Directions for this task> Print, in exact form, the lines below from the one containing "#49=LINE('',#48,#47);" through the one containing "#103=VECTOR('',#102,1.);", and omit all others.

Source material>
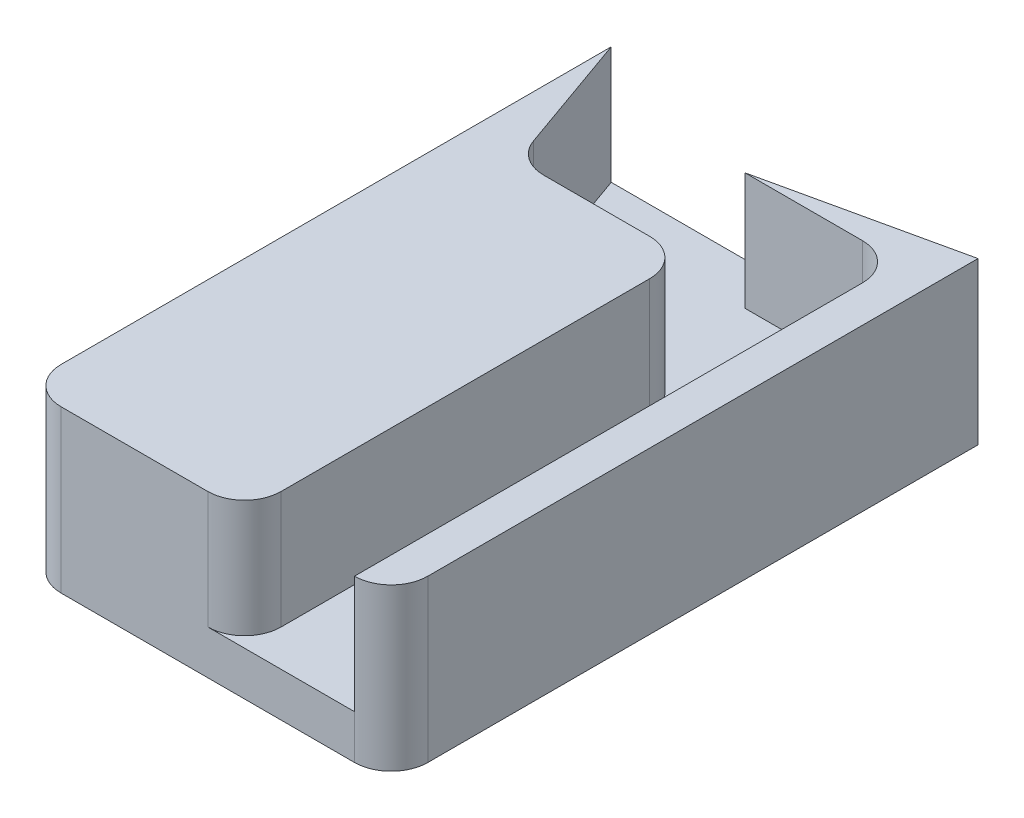
ISO-10303-21;
HEADER;
FILE_DESCRIPTION(('STEP AP214'),'2;1');
FILE_NAME('part.step','',(''),(''),'','','');
FILE_SCHEMA(('AUTOMOTIVE_DESIGN { 1 0 10303 214 1 1 1 1 }'));
ENDSEC;
DATA;
#1=APPLICATION_CONTEXT('core data for automotive mechanical design processes');
#2=APPLICATION_PROTOCOL_DEFINITION('international standard','automotive_design',2000,#1);
#3=PRODUCT_CONTEXT('',#1,'mechanical');
#4=PRODUCT('Part','Part','',(#3));
#5=PRODUCT_RELATED_PRODUCT_CATEGORY('part','',(#4));
#6=PRODUCT_DEFINITION_FORMATION('','',#4);
#7=PRODUCT_DEFINITION_CONTEXT('part definition',#1,'design');
#8=PRODUCT_DEFINITION('design','',#6,#7);
#9=PRODUCT_DEFINITION_SHAPE('','',#8);
#10=(LENGTH_UNIT() NAMED_UNIT(*) SI_UNIT(.MILLI.,.METRE.));
#11=(NAMED_UNIT(*) PLANE_ANGLE_UNIT() SI_UNIT($,.RADIAN.));
#12=(NAMED_UNIT(*) SI_UNIT($,.STERADIAN.) SOLID_ANGLE_UNIT());
#13=UNCERTAINTY_MEASURE_WITH_UNIT(LENGTH_MEASURE(1.E-05),#10,'distance_accuracy_value','');
#14=(GEOMETRIC_REPRESENTATION_CONTEXT(3) GLOBAL_UNCERTAINTY_ASSIGNED_CONTEXT((#13)) GLOBAL_UNIT_ASSIGNED_CONTEXT((#10,
#11,#12)) REPRESENTATION_CONTEXT('',''));
#15=CARTESIAN_POINT('',(0.,0.,0.));
#16=DIRECTION('',(0.,0.,1.));
#17=DIRECTION('',(1.,0.,0.));
#18=AXIS2_PLACEMENT_3D('',#15,#16,#17);
#19=CARTESIAN_POINT('',(-77.9455073119252,20.,68.2833333333333));
#20=DIRECTION('',(0.,0.,-1.));
#21=DIRECTION('',(-1.,0.,0.));
#22=AXIS2_PLACEMENT_3D('',#19,#20,#21);
#23=PLANE('',#22);
#24=CARTESIAN_POINT('',(-67.2289175817584,16.8679193858878,68.2833333333333));
#25=DIRECTION('',(0.,0.,-1.));
#26=DIRECTION('',(-1.,0.,0.));
#27=AXIS2_PLACEMENT_3D('',#24,#25,#26);
#28=CIRCLE('',#27,2.6);
#29=CARTESIAN_POINT('',(-69.8289175817584,16.8679193858878,68.2833333333333));
#30=VERTEX_POINT('',#29);
#31=EDGE_CURVE('E295',#30,#30,#28,.F.);
#32=ORIENTED_EDGE('',*,*,#31,.F.);
#33=EDGE_LOOP('',(#32));
#34=FACE_BOUND('',#33,.T.);
#35=CARTESIAN_POINT('',(-59.1289175817584,16.8679193858878,68.2833333333333));
#36=DIRECTION('',(0.,0.,-1.));
#37=DIRECTION('',(-1.,0.,0.));
#38=AXIS2_PLACEMENT_3D('',#35,#36,#37);
#39=CIRCLE('',#38,2.6);
#40=CARTESIAN_POINT('',(-61.7289175817584,16.8679193858878,68.2833333333333));
#41=VERTEX_POINT('',#40);
#42=EDGE_CURVE('E286',#41,#41,#39,.F.);
#43=ORIENTED_EDGE('',*,*,#42,.F.);
#44=EDGE_LOOP('',(#43));
#45=FACE_BOUND('',#44,.T.);
#46=DIRECTION('',(0.,-1.,0.));
#47=VECTOR('',#46,1.);
#48=CARTESIAN_POINT('',(-77.9107781164221,10.,68.2833333333333));
#49=LINE('',#48,#47);
#50=CARTESIAN_POINT('',(-77.9107781164221,10.,68.2833333333333));
#51=VERTEX_POINT('',#50);
#52=CARTESIAN_POINT('',(-77.9107781164221,0.,68.2833333333333));
#53=VERTEX_POINT('',#52);
#54=EDGE_CURVE('E255',#51,#53,#49,.T.);
#55=ORIENTED_EDGE('',*,*,#54,.F.);
#56=DIRECTION('',(-1.,0.,0.));
#57=VECTOR('',#56,1.);
#58=CARTESIAN_POINT('',(-77.9107781164221,10.,68.2833333333333));
#59=LINE('',#58,#57);
#60=CARTESIAN_POINT('',(-53.9455073119252,10.,68.2833333333333));
#61=VERTEX_POINT('',#60);
#62=EDGE_CURVE('E251',#61,#51,#59,.T.);
#63=ORIENTED_EDGE('',*,*,#62,.F.);
#64=DIRECTION('',(0.,-1.,0.));
#65=VECTOR('',#64,1.);
#66=CARTESIAN_POINT('',(-53.9455073119252,20.,68.2833333333333));
#67=LINE('',#66,#65);
#68=CARTESIAN_POINT('',(-53.9455073119252,20.,68.2833333333333));
#69=VERTEX_POINT('',#68);
#70=EDGE_CURVE('E290',#69,#61,#67,.T.);
#71=ORIENTED_EDGE('',*,*,#70,.F.);
#72=DIRECTION('',(1.,0.,0.));
#73=VECTOR('',#72,1.);
#74=CARTESIAN_POINT('',(-77.9455073119252,20.,68.2833333333333));
#75=LINE('',#74,#73);
#76=CARTESIAN_POINT('',(-77.9455073119252,20.,68.2833333333333));
#77=VERTEX_POINT('',#76);
#78=EDGE_CURVE('E269',#77,#69,#75,.T.);
#79=ORIENTED_EDGE('',*,*,#78,.F.);
#80=DIRECTION('',(0.,-1.,0.));
#81=VECTOR('',#80,1.);
#82=CARTESIAN_POINT('',(-77.9455073119252,20.,68.2833333333333));
#83=LINE('',#82,#81);
#84=CARTESIAN_POINT('',(-77.9455073119252,0.,68.2833333333333));
#85=VERTEX_POINT('',#84);
#86=EDGE_CURVE('E278',#77,#85,#83,.T.);
#87=ORIENTED_EDGE('',*,*,#86,.T.);
#88=DIRECTION('',(1.,0.,0.));
#89=VECTOR('',#88,1.);
#90=CARTESIAN_POINT('',(-77.9455073119252,0.,68.2833333333333));
#91=LINE('',#90,#89);
#92=EDGE_CURVE('E260',#85,#53,#91,.T.);
#93=ORIENTED_EDGE('',*,*,#92,.T.);
#94=EDGE_LOOP('',(#55,#63,#71,#79,#87,#93));
#95=FACE_BOUND('',#94,.T.);
#96=ADVANCED_FACE('F71',(#34,#45,#95),#23,.F.);
#97=CARTESIAN_POINT('',(-53.9455073119252,20.,116.033333333333));
#98=DIRECTION('',(1.,0.,0.));
#99=DIRECTION('',(0.,0.,-1.));
#100=AXIS2_PLACEMENT_3D('',#97,#98,#99);
#101=PLANE('',#100);
#102=DIRECTION('',(0.,0.,-1.));
#103=VECTOR('',#102,1.);
#104=CARTESIAN_POINT('',(-53.9455073119252,10.,84.2833333333333));
#105=LINE('',#104,#103);
#106=CARTESIAN_POINT('',(-53.9455073119252,10.,84.2833333333333));
#107=VERTEX_POINT('',#106);
#108=EDGE_CURVE('E258',#107,#61,#105,.T.);
#109=ORIENTED_EDGE('',*,*,#108,.F.);
#110=DIRECTION('',(0.,1.,0.));
#111=VECTOR('',#110,1.);
#112=CARTESIAN_POINT('',(-53.9455073119252,10.,84.2833333333333));
#113=LINE('',#112,#111);
#114=CARTESIAN_POINT('',(-53.9455073119252,0.,84.2833333333333));
#115=VERTEX_POINT('',#114);
#116=EDGE_CURVE('E241',#115,#107,#113,.T.);
#117=ORIENTED_EDGE('',*,*,#116,.F.);
#118=DIRECTION('',(0.,0.,1.));
#119=VECTOR('',#118,1.);
#120=CARTESIAN_POINT('',(-53.9455073119252,0.,116.033333333333));
#121=LINE('',#120,#119);
#122=CARTESIAN_POINT('',(-53.9455073119252,0.,116.033333333333));
#123=VERTEX_POINT('',#122);
#124=EDGE_CURVE('E238',#115,#123,#121,.T.);
#125=ORIENTED_EDGE('',*,*,#124,.T.);
#126=DIRECTION('',(0.,-1.,0.));
#127=VECTOR('',#126,1.);
#128=CARTESIAN_POINT('',(-53.9455073119252,20.,116.033333333333));
#129=LINE('',#128,#127);
#130=CARTESIAN_POINT('',(-53.9455073119252,20.,116.033333333333));
#131=VERTEX_POINT('',#130);
#132=EDGE_CURVE('E287',#131,#123,#129,.T.);
#133=ORIENTED_EDGE('',*,*,#132,.F.);
#134=DIRECTION('',(0.,0.,1.));
#135=VECTOR('',#134,1.);
#136=CARTESIAN_POINT('',(-53.9455073119252,20.,116.033333333333));
#137=LINE('',#136,#135);
#138=EDGE_CURVE('E273',#69,#131,#137,.T.);
#139=ORIENTED_EDGE('',*,*,#138,.F.);
#140=ORIENTED_EDGE('',*,*,#70,.T.);
#141=EDGE_LOOP('',(#109,#117,#125,#133,#139,#140));
#142=FACE_BOUND('',#141,.T.);
#143=ADVANCED_FACE('F493',(#142),#101,.F.);
#144=CARTESIAN_POINT('',(0.,6.,0.));
#145=DIRECTION('',(0.,1.,0.));
#146=DIRECTION('',(0.,0.,1.));
#147=AXIS2_PLACEMENT_3D('',#144,#145,#146);
#148=PLANE('',#147);
#149=DIRECTION('',(0.,0.,-1.));
#150=VECTOR('',#149,1.);
#151=CARTESIAN_POINT('',(-35.9455073119252,6.,0.));
#152=LINE('',#151,#150);
#153=CARTESIAN_POINT('',(-35.9455073119252,6.,118.533333333333));
#154=VERTEX_POINT('',#153);
#155=CARTESIAN_POINT('',(-35.9455073119252,6.,49.2928298834887));
#156=VERTEX_POINT('',#155);
#157=EDGE_CURVE('E309',#154,#156,#152,.T.);
#158=ORIENTED_EDGE('',*,*,#157,.T.);
#159=CARTESIAN_POINT('',(-40.9455073119252,6.,49.2928298834887));
#160=DIRECTION('',(0.,1.,0.));
#161=DIRECTION('',(0.,0.,1.));
#162=AXIS2_PLACEMENT_3D('',#159,#160,#161);
#163=CIRCLE('',#162,5.);
#164=CARTESIAN_POINT('',(-40.9455073119252,6.,44.2928298834887));
#165=VERTEX_POINT('',#164);
#166=EDGE_CURVE('E400',#156,#165,#163,.T.);
#167=ORIENTED_EDGE('',*,*,#166,.T.);
#168=DIRECTION('',(1.,0.,0.));
#169=VECTOR('',#168,1.);
#170=CARTESIAN_POINT('',(0.,6.,44.2928298834887));
#171=LINE('',#170,#169);
#172=CARTESIAN_POINT('',(-56.9455073119252,6.,44.2928298834887));
#173=VERTEX_POINT('',#172);
#174=EDGE_CURVE('E320',#173,#165,#171,.T.);
#175=ORIENTED_EDGE('',*,*,#174,.F.);
#176=DIRECTION('',(-0.976332213807184,0.,0.216276231431849));
#177=VECTOR('',#176,1.);
#178=CARTESIAN_POINT('',(6.68911173807514,6.,30.1965464646837));
#179=LINE('',#178,#177);
#180=CARTESIAN_POINT('',(-30.9455073119252,6.,38.5333333333333));
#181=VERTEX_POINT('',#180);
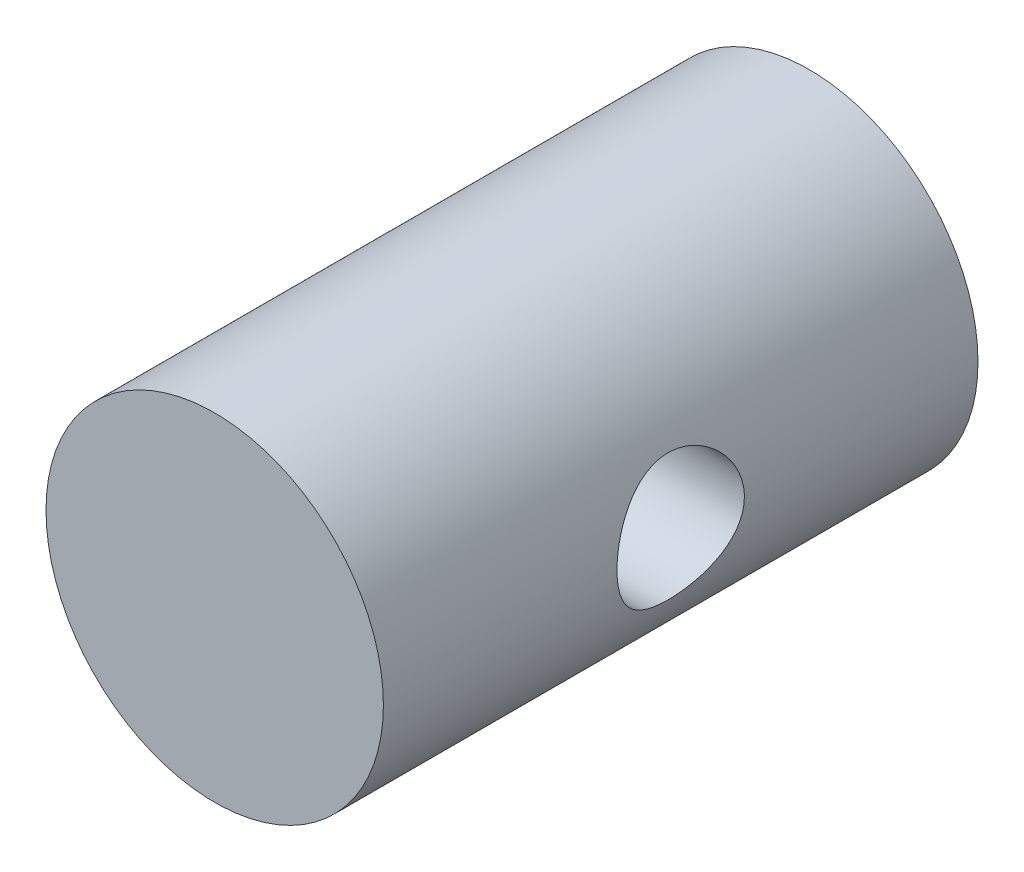
ISO-10303-21;
HEADER;
FILE_DESCRIPTION(('STEP AP214'),'2;1');
FILE_NAME('part.step','',(''),(''),'','','');
FILE_SCHEMA(('AUTOMOTIVE_DESIGN { 1 0 10303 214 1 1 1 1 }'));
ENDSEC;
DATA;
#1=APPLICATION_CONTEXT('core data for automotive mechanical design processes');
#2=APPLICATION_PROTOCOL_DEFINITION('international standard','automotive_design',2000,#1);
#3=PRODUCT_CONTEXT('',#1,'mechanical');
#4=PRODUCT('Part','Part','',(#3));
#5=PRODUCT_RELATED_PRODUCT_CATEGORY('part','',(#4));
#6=PRODUCT_DEFINITION_FORMATION('','',#4);
#7=PRODUCT_DEFINITION_CONTEXT('part definition',#1,'design');
#8=PRODUCT_DEFINITION('design','',#6,#7);
#9=PRODUCT_DEFINITION_SHAPE('','',#8);
#10=(LENGTH_UNIT() NAMED_UNIT(*) SI_UNIT(.MILLI.,.METRE.));
#11=(NAMED_UNIT(*) PLANE_ANGLE_UNIT() SI_UNIT($,.RADIAN.));
#12=(NAMED_UNIT(*) SI_UNIT($,.STERADIAN.) SOLID_ANGLE_UNIT());
#13=UNCERTAINTY_MEASURE_WITH_UNIT(LENGTH_MEASURE(1.E-05),#10,'distance_accuracy_value','');
#14=(GEOMETRIC_REPRESENTATION_CONTEXT(3) GLOBAL_UNCERTAINTY_ASSIGNED_CONTEXT((#13)) GLOBAL_UNIT_ASSIGNED_CONTEXT((#10,
#11,#12)) REPRESENTATION_CONTEXT('',''));
#15=CARTESIAN_POINT('',(0.,0.,0.));
#16=DIRECTION('',(0.,0.,1.));
#17=DIRECTION('',(1.,0.,0.));
#18=AXIS2_PLACEMENT_3D('',#15,#16,#17);
#19=CARTESIAN_POINT('',(0.,0.,44.45));
#20=DIRECTION('',(0.,0.,-1.));
#21=DIRECTION('',(-1.,0.,0.));
#22=AXIS2_PLACEMENT_3D('',#19,#20,#21);
#23=CYLINDRICAL_SURFACE('',#22,12.6111);
#24=CARTESIAN_POINT('',(-12.6111,0.,17.4625));
#25=CARTESIAN_POINT('',(-12.6111004722361,0.128862976552526,17.4624993622489));
#26=CARTESIAN_POINT('',(-12.6091206435443,0.257717143630975,17.4677341054764));
#27=CARTESIAN_POINT('',(-12.601255187836,0.514502566091206,17.4886205609225));
#28=CARTESIAN_POINT('',(-12.5953683235338,0.642433516129663,17.5042755730515));
#29=CARTESIAN_POINT('',(-12.5798502834723,0.896313030511023,17.5458369771117));
#30=CARTESIAN_POINT('',(-12.5702211540386,1.02226263918505,17.5717377666389));
#31=CARTESIAN_POINT('',(-12.5474709995072,1.2714055419563,17.6335496213075));
#32=CARTESIAN_POINT('',(-12.5343486173975,1.39459774468862,17.6694645768758));
#33=CARTESIAN_POINT('',(-12.5049884658138,1.63706374507099,17.7508812917139));
#34=CARTESIAN_POINT('',(-12.4887581681102,1.75634615269579,17.7963600837123));
#35=CARTESIAN_POINT('',(-12.4535767193222,1.9905596677062,17.8965672438076));
#36=CARTESIAN_POINT('',(-12.4346245595995,2.10548914198821,17.9512990421216));
#37=CARTESIAN_POINT('',(-12.3743779094373,2.44265493907785,18.1287544413042));
#38=CARTESIAN_POINT('',(-12.3296696411755,2.65745462135523,18.2648009474772));
#39=CARTESIAN_POINT('',(-12.2336740133425,3.06981329732062,18.5744084383447));
#40=CARTESIAN_POINT('',(-12.182198863926,3.26638187158735,18.749218673603));
#41=CARTESIAN_POINT('',(-12.0793466646827,3.62831039245088,19.1289593937256));
#42=CARTESIAN_POINT('',(-12.0279696504476,3.79366058911587,19.3338992530613));
#43=CARTESIAN_POINT('',(-11.9542145437369,4.01785223571506,19.6643395519393));
#44=CARTESIAN_POINT('',(-11.9297549673881,4.08971931117919,19.7807485300831));
#45=CARTESIAN_POINT('',(-11.8831095862018,4.22333395459359,20.0196525170608));
#46=CARTESIAN_POINT('',(-11.8609228700334,4.28508558445104,20.1421450571331));
#47=CARTESIAN_POINT('',(-11.8195385058146,4.39795086330441,20.3924363126384));
#48=CARTESIAN_POINT('',(-11.8003411952273,4.44906331150096,20.520235625074));
#49=CARTESIAN_POINT('',(-11.7656021362727,4.54013508098684,20.7801711837068));
#50=CARTESIAN_POINT('',(-11.7500586185165,4.58009980244153,20.9123052952559));
#51=CARTESIAN_POINT('',(-11.7237274881938,4.64707424198581,21.1744519770112));
#52=CARTESIAN_POINT('',(-11.7127708150585,4.67454848247866,21.3043289190763));
#53=CARTESIAN_POINT('',(-11.695104453116,4.71857390965456,21.5661532013901));
#54=CARTESIAN_POINT('',(-11.688392900984,4.73512988886175,21.6980996071831));
#55=CARTESIAN_POINT('',(-11.6794490776173,4.7571477146899,21.9630462254));
#56=CARTESIAN_POINT('',(-11.6772161098874,4.76261128636842,22.0960462707347));
#57=CARTESIAN_POINT('',(-11.6773083577455,4.76238528760445,22.3620324623262));
#58=CARTESIAN_POINT('',(-11.6796333930192,4.75669615836176,22.4950186089245));
#59=CARTESIAN_POINT('',(-11.6884771986291,4.734920210891,22.7517933720905));
#60=CARTESIAN_POINT('',(-11.6947310378631,4.71948996496729,22.8756474704062));
#61=CARTESIAN_POINT('',(-11.7109863842112,4.67900804276205,23.1215629876715));
#62=CARTESIAN_POINT('',(-11.7209891350087,4.65395317348875,23.2436237977261));
#63=CARTESIAN_POINT('',(-11.7444362430412,4.5944620781971,23.4850688836826));
#64=CARTESIAN_POINT('',(-11.7578797131094,4.56002827032961,23.6044538409184));
#65=CARTESIAN_POINT('',(-11.7878116047814,4.48208393861325,23.8398460470661));
#66=CARTESIAN_POINT('',(-11.804301195159,4.43856992992521,23.9558519796252));
#67=CARTESIAN_POINT('',(-11.8583287438212,4.2931065689821,24.3020034392571));
#68=CARTESIAN_POINT('',(-11.8999733430395,4.1773246518888,24.5258767898274));
#69=CARTESIAN_POINT('',(-11.9895597093227,3.91276702485298,24.951651604807));
#70=CARTESIAN_POINT('',(-12.0375036697051,3.76397981061763,25.1535453713657));
#71=CARTESIAN_POINT('',(-12.1382896678764,3.42563193526832,25.5442854873288));
#72=CARTESIAN_POINT('',(-12.1912426980375,3.23398185192097,25.7313015225587));
#73=CARTESIAN_POINT('',(-12.2932676691594,2.82143926505604,26.0710790513196));
#74=CARTESIAN_POINT('',(-12.3423389958432,2.60054214794458,26.223835130227));
#75=CARTESIAN_POINT('',(-12.432072840762,2.13104347352194,26.4928292009542));
#76=CARTESIAN_POINT('',(-12.4725894467813,1.88205766224884,26.608448740284));
#77=CARTESIAN_POINT('',(-12.5395639648448,1.36625800956828,26.7955487116121));
#78=CARTESIAN_POINT('',(-12.5660282123613,1.09945226342071,26.8670490370128));
#79=CARTESIAN_POINT('',(-12.6007983825756,0.571003693359811,26.9603397309205));
#80=CARTESIAN_POINT('',(-12.610004592501,0.309855309058185,26.984597455342));
#81=CARTESIAN_POINT('',(-12.6120091068914,-0.212912999425837,26.9899092092914));
#82=CARTESIAN_POINT('',(-12.6048111105567,-0.474532804007818,26.9709729791915));
#83=CARTESIAN_POINT('',(-12.5754093934802,-0.98010205467754,26.8923028962881));
#84=CARTESIAN_POINT('',(-12.5538031266296,-1.22434249385512,26.8341924355302));
#85=CARTESIAN_POINT('',(-12.4983612043534,-1.69942822090966,26.6809710939281));
#86=CARTESIAN_POINT('',(-12.4645239592449,-1.93027176303874,26.5858554033228));
#87=CARTESIAN_POINT('',(-12.3867113857139,-2.37966104578175,26.3582695061026));
#88=CARTESIAN_POINT('',(-12.3424661407921,-2.59764218637243,26.2247789853745));
#89=CARTESIAN_POINT('',(-12.2487290450928,-3.00882659834893,25.925424442631));
#90=CARTESIAN_POINT('',(-12.1992352413819,-3.20202058719196,25.759548350841));
#91=CARTESIAN_POINT('',(-12.0968009730811,-3.57013694572375,25.3884899738265));
#92=CARTESIAN_POINT('',(-12.0438290893082,-3.74331487192534,25.1815689698703));
#93=CARTESIAN_POINT('',(-11.9684249230052,-3.97533607508741,24.8510828319001));
#94=CARTESIAN_POINT('',(-11.9439521962455,-4.04808789550704,24.7374949886747));
#95=CARTESIAN_POINT('',(-11.8970751179239,-4.1838492673617,24.5042516209058));
#96=CARTESIAN_POINT('',(-11.8746698958222,-4.24686292673922,24.3845986833031));
#97=CARTESIAN_POINT('',(-11.8325165457034,-4.36293869895203,24.1393357208766));
#98=CARTESIAN_POINT('',(-11.812782760654,-4.41594765258999,24.0136980847906));
#99=CARTESIAN_POINT('',(-11.7767717494069,-4.51110622086789,23.7579482160176));
#100=CARTESIAN_POINT('',(-11.7604930499983,-4.55326046547857,23.6278379180338));
#101=CARTESIAN_POINT('',(-11.7319565307022,-4.62629211275277,23.364098246639));
#102=CARTESIAN_POINT('',(-11.7196974653842,-4.65717300865057,23.2304699771134));
#103=CARTESIAN_POINT('',(-11.699642953938,-4.70732736064793,22.9607243928433));
#104=CARTESIAN_POINT('',(-11.6918471902893,-4.7266016424501,22.8246072558685));
#105=CARTESIAN_POINT('',(-11.6813659655173,-4.75244265911458,22.559964417973));
#106=CARTESIAN_POINT('',(-11.6783801844823,-4.7597566583891,22.431523061222));
#107=CARTESIAN_POINT('',(-11.6766633456293,-4.76396711713917,22.1743950210167));
#108=CARTESIAN_POINT('',(-11.6779337220608,-4.7608600649054,22.0457082694717));
#109=CARTESIAN_POINT('',(-11.6846883184393,-4.74425772677472,21.7891813586458));
#110=CARTESIAN_POINT('',(-11.690170542657,-4.73076736087054,21.6613408273227));
#111=CARTESIAN_POINT('',(-11.7051655543185,-4.69354278652862,21.4073542643792));
#112=CARTESIAN_POINT('',(-11.7146798596275,-4.66980472031133,21.2812088893645));
#113=CARTESIAN_POINT('',(-11.7370684154224,-4.61323770980987,21.0355388550145));
#114=CARTESIAN_POINT('',(-11.7498259956304,-4.5807224024478,20.9159312921963));
#115=CARTESIAN_POINT('',(-11.7784513664691,-4.50660598434877,20.6799334962257));
#116=CARTESIAN_POINT('',(-11.7943202457776,-4.46500169269262,20.5635444055648));
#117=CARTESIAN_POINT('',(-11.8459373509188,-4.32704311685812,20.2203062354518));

Exercise output>
#49=LINE('',#48,#47);
#50=CARTESIAN_POINT('',(-77.9107781164221,10.,68.2833333333333));
#51=VERTEX_POINT('',#50);
#52=CARTESIAN_POINT('',(-77.9107781164221,0.,68.2833333333333));
#53=VERTEX_POINT('',#52);
#54=EDGE_CURVE('E255',#51,#53,#49,.T.);
#55=ORIENTED_EDGE('',*,*,#54,.F.);
#56=DIRECTION('',(-1.,0.,0.));
#57=VECTOR('',#56,1.);
#58=CARTESIAN_POINT('',(-77.9107781164221,10.,68.2833333333333));
#59=LINE('',#58,#57);
#60=CARTESIAN_POINT('',(-53.9455073119252,10.,68.2833333333333));
#61=VERTEX_POINT('',#60);
#62=EDGE_CURVE('E251',#61,#51,#59,.T.);
#63=ORIENTED_EDGE('',*,*,#62,.F.);
#64=DIRECTION('',(0.,-1.,0.));
#65=VECTOR('',#64,1.);
#66=CARTESIAN_POINT('',(-53.9455073119252,20.,68.2833333333333));
#67=LINE('',#66,#65);
#68=CARTESIAN_POINT('',(-53.9455073119252,20.,68.2833333333333));
#69=VERTEX_POINT('',#68);
#70=EDGE_CURVE('E290',#69,#61,#67,.T.);
#71=ORIENTED_EDGE('',*,*,#70,.F.);
#72=DIRECTION('',(1.,0.,0.));
#73=VECTOR('',#72,1.);
#74=CARTESIAN_POINT('',(-77.9455073119252,20.,68.2833333333333));
#75=LINE('',#74,#73);
#76=CARTESIAN_POINT('',(-77.9455073119252,20.,68.2833333333333));
#77=VERTEX_POINT('',#76);
#78=EDGE_CURVE('E269',#77,#69,#75,.T.);
#79=ORIENTED_EDGE('',*,*,#78,.F.);
#80=DIRECTION('',(0.,-1.,0.));
#81=VECTOR('',#80,1.);
#82=CARTESIAN_POINT('',(-77.9455073119252,20.,68.2833333333333));
#83=LINE('',#82,#81);
#84=CARTESIAN_POINT('',(-77.9455073119252,0.,68.2833333333333));
#85=VERTEX_POINT('',#84);
#86=EDGE_CURVE('E278',#77,#85,#83,.T.);
#87=ORIENTED_EDGE('',*,*,#86,.T.);
#88=DIRECTION('',(1.,0.,0.));
#89=VECTOR('',#88,1.);
#90=CARTESIAN_POINT('',(-77.9455073119252,0.,68.2833333333333));
#91=LINE('',#90,#89);
#92=EDGE_CURVE('E260',#85,#53,#91,.T.);
#93=ORIENTED_EDGE('',*,*,#92,.T.);
#94=EDGE_LOOP('',(#55,#63,#71,#79,#87,#93));
#95=FACE_BOUND('',#94,.T.);
#96=ADVANCED_FACE('F71',(#34,#45,#95),#23,.F.);
#97=CARTESIAN_POINT('',(-53.9455073119252,20.,116.033333333333));
#98=DIRECTION('',(1.,0.,0.));
#99=DIRECTION('',(0.,0.,-1.));
#100=AXIS2_PLACEMENT_3D('',#97,#98,#99);
#101=PLANE('',#100);
#102=DIRECTION('',(0.,0.,-1.));
#103=VECTOR('',#102,1.);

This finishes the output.